● **Task requirements**
Your response should contain only the lines running from the top of the data below through the line with "-0.25, 0.25, -0.25])", both included. Pictures must be omitted.

[Dataset items]
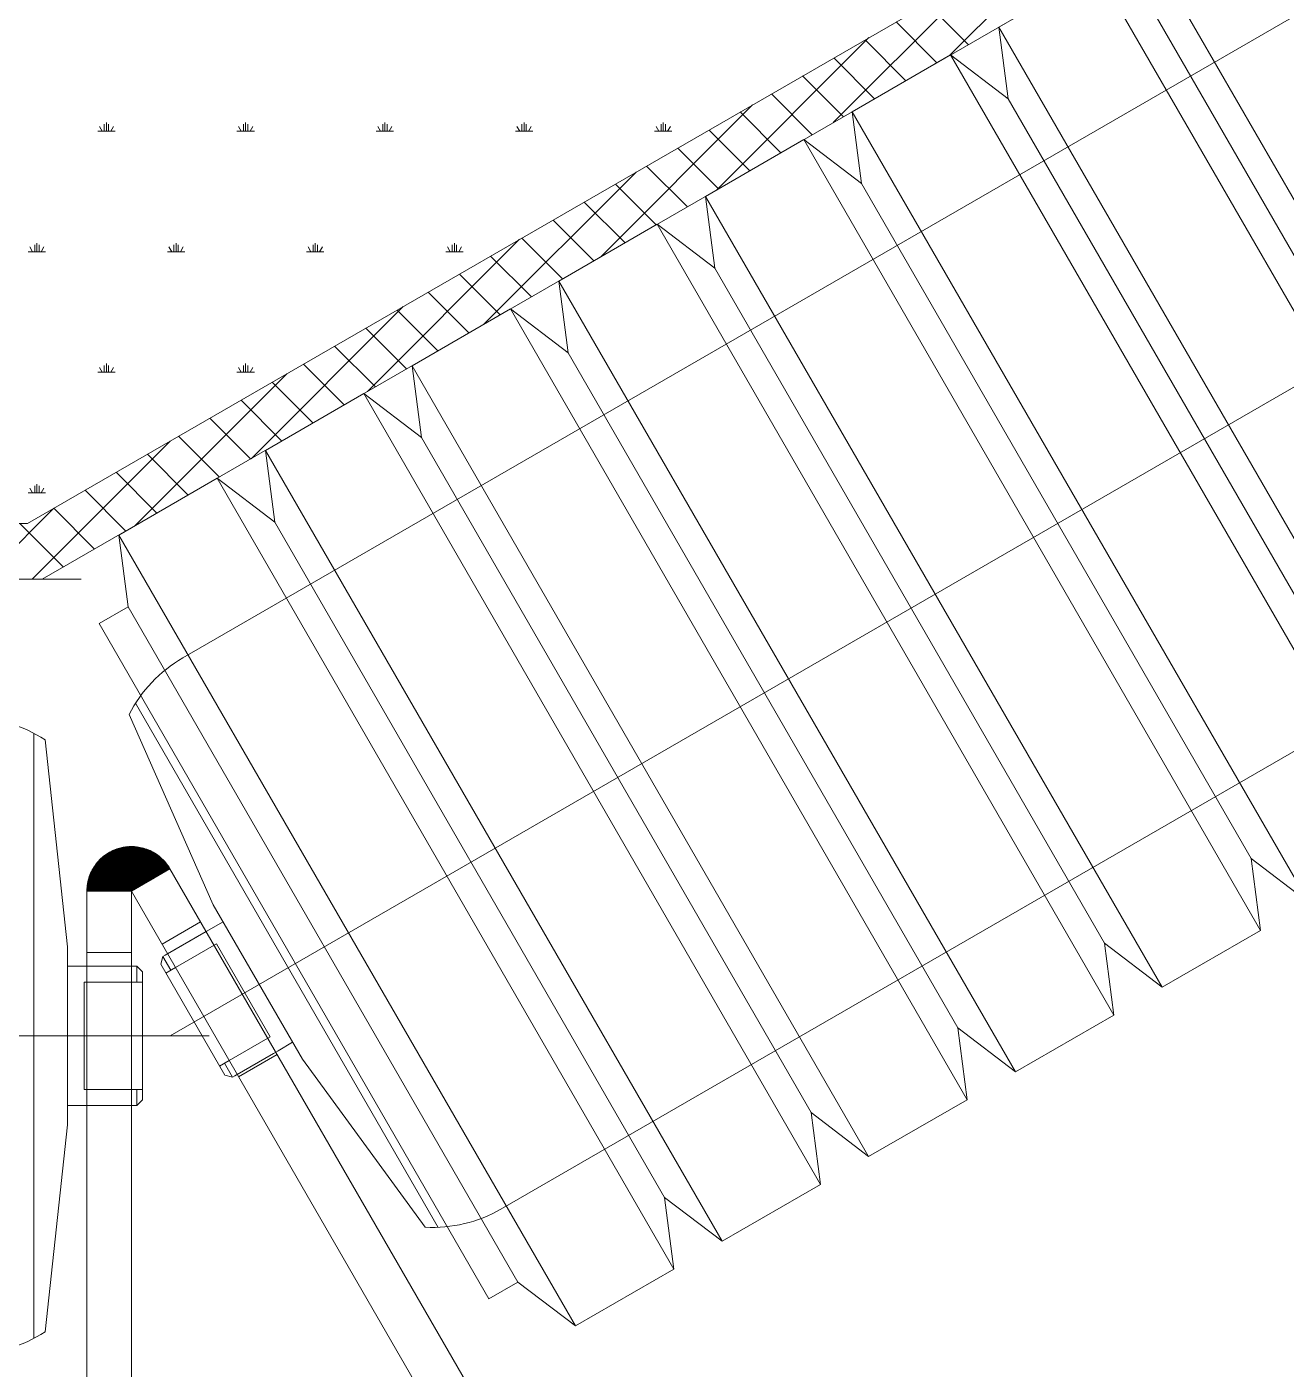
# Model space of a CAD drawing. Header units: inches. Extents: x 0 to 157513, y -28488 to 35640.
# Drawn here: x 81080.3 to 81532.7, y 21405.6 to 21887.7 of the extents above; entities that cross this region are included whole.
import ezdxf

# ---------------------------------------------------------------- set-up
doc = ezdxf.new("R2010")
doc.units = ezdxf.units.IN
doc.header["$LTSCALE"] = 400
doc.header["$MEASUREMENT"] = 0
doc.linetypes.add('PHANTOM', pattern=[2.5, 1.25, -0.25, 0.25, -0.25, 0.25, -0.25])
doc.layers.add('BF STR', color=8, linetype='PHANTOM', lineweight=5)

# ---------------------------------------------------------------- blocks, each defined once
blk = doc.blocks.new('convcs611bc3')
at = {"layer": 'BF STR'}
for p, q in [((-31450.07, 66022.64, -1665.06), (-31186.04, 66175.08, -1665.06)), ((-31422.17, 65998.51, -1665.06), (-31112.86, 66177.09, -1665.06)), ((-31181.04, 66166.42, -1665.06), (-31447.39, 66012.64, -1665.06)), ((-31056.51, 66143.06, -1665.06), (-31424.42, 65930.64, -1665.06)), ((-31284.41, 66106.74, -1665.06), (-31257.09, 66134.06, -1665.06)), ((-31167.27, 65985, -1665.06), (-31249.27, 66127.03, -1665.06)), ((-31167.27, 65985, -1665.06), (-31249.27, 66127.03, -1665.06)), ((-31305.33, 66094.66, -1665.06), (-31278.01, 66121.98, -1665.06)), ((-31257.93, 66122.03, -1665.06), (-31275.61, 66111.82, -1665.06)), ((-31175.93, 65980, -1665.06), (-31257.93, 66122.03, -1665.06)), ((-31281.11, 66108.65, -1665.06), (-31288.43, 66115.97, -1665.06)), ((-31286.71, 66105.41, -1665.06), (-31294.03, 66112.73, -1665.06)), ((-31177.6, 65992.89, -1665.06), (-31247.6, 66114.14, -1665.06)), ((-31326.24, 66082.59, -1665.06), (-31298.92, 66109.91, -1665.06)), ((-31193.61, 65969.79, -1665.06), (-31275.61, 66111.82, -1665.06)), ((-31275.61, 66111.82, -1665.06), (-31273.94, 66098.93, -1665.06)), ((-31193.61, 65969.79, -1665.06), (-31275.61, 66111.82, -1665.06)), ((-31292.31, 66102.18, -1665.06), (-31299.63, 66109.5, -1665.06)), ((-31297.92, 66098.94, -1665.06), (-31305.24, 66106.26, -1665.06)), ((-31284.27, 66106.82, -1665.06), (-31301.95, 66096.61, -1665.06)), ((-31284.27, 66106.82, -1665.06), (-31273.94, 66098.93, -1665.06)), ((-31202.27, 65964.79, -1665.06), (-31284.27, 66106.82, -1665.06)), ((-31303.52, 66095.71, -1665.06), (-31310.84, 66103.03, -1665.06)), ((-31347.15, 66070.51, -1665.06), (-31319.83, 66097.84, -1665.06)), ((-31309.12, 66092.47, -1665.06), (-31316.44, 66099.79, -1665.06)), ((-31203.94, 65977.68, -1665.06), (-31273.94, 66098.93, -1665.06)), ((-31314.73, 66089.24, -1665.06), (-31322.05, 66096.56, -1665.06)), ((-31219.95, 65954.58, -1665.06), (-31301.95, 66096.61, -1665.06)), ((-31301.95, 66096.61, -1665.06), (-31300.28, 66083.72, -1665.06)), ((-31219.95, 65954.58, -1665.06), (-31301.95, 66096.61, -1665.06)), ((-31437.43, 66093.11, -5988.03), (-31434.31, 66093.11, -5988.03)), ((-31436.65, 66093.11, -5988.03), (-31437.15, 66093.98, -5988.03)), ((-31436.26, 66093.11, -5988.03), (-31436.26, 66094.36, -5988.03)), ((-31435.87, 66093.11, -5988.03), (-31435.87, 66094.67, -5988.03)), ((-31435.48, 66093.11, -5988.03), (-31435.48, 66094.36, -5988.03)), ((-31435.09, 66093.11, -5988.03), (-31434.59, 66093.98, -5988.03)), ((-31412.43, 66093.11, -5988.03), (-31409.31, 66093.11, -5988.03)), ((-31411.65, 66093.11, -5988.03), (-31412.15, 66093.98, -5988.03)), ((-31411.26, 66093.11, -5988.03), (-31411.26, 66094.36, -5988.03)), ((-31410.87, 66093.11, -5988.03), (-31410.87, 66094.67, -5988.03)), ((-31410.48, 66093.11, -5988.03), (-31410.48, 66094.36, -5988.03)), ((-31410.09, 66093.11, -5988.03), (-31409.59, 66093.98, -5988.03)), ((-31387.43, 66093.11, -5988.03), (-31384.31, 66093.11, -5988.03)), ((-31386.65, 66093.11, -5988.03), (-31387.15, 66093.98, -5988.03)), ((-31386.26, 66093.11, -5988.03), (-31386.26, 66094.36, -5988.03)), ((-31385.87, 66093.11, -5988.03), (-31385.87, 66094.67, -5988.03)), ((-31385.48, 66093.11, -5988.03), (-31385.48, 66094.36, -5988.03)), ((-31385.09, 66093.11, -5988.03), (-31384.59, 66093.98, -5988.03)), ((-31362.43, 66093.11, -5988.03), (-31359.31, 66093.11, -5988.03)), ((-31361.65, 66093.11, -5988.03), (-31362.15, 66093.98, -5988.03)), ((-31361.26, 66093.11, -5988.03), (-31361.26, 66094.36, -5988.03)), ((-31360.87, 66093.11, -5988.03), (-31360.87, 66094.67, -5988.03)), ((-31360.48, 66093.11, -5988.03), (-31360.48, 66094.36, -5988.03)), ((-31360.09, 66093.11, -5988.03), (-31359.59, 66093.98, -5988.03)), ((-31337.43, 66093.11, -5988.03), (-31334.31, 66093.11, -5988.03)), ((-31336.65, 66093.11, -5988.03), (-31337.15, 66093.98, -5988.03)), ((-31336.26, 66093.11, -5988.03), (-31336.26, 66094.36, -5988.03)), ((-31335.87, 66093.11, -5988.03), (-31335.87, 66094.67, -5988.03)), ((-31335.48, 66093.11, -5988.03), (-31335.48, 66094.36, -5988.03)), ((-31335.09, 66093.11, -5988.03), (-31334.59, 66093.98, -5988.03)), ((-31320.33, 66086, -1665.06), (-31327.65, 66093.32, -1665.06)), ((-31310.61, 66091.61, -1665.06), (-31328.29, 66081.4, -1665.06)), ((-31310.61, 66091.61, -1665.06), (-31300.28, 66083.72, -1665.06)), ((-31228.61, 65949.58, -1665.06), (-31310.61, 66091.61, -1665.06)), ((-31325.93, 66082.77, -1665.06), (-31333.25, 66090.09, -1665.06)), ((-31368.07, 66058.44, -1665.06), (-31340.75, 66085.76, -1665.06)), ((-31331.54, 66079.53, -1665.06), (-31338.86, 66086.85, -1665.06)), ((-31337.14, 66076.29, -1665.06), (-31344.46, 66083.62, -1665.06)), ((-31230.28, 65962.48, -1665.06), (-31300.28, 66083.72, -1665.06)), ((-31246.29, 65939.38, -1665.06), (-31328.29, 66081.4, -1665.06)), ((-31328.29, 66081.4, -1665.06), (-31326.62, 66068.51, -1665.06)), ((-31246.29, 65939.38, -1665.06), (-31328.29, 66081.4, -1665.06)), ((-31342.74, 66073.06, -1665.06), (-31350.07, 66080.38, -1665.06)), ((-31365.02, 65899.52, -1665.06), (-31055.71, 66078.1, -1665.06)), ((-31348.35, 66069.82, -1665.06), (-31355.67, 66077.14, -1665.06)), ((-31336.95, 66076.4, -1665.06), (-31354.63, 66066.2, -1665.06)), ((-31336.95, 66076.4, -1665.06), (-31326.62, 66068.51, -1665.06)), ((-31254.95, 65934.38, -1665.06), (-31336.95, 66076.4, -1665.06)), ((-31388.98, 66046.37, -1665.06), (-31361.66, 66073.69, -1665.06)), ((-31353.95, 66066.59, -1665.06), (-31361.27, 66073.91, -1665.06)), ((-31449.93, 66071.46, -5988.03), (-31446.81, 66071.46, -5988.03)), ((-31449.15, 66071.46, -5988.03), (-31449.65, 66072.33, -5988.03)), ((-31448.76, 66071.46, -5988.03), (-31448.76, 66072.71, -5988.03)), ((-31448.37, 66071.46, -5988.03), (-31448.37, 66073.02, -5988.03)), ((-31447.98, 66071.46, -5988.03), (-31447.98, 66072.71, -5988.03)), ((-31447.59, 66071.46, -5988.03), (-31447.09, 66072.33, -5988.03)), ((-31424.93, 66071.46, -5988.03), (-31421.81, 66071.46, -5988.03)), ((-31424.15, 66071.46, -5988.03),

● **Exercise answer**
# Model space of a CAD drawing. Header units: inches. Extents: x 0 to 157513, y -28488 to 35640.
# Drawn here: x 81080.3 to 81532.7, y 21405.6 to 21887.7 of the extents above; entities that cross this region are included whole.
import ezdxf

# ---------------------------------------------------------------- set-up
doc = ezdxf.new("R2010")
doc.units = ezdxf.units.IN
doc.header["$LTSCALE"] = 400
doc.header["$MEASUREMENT"] = 0
doc.linetypes.add('PHANTOM', pattern=[2.5, 1.25, -0.25, 0.25, -0.25, 0.25, -0.25])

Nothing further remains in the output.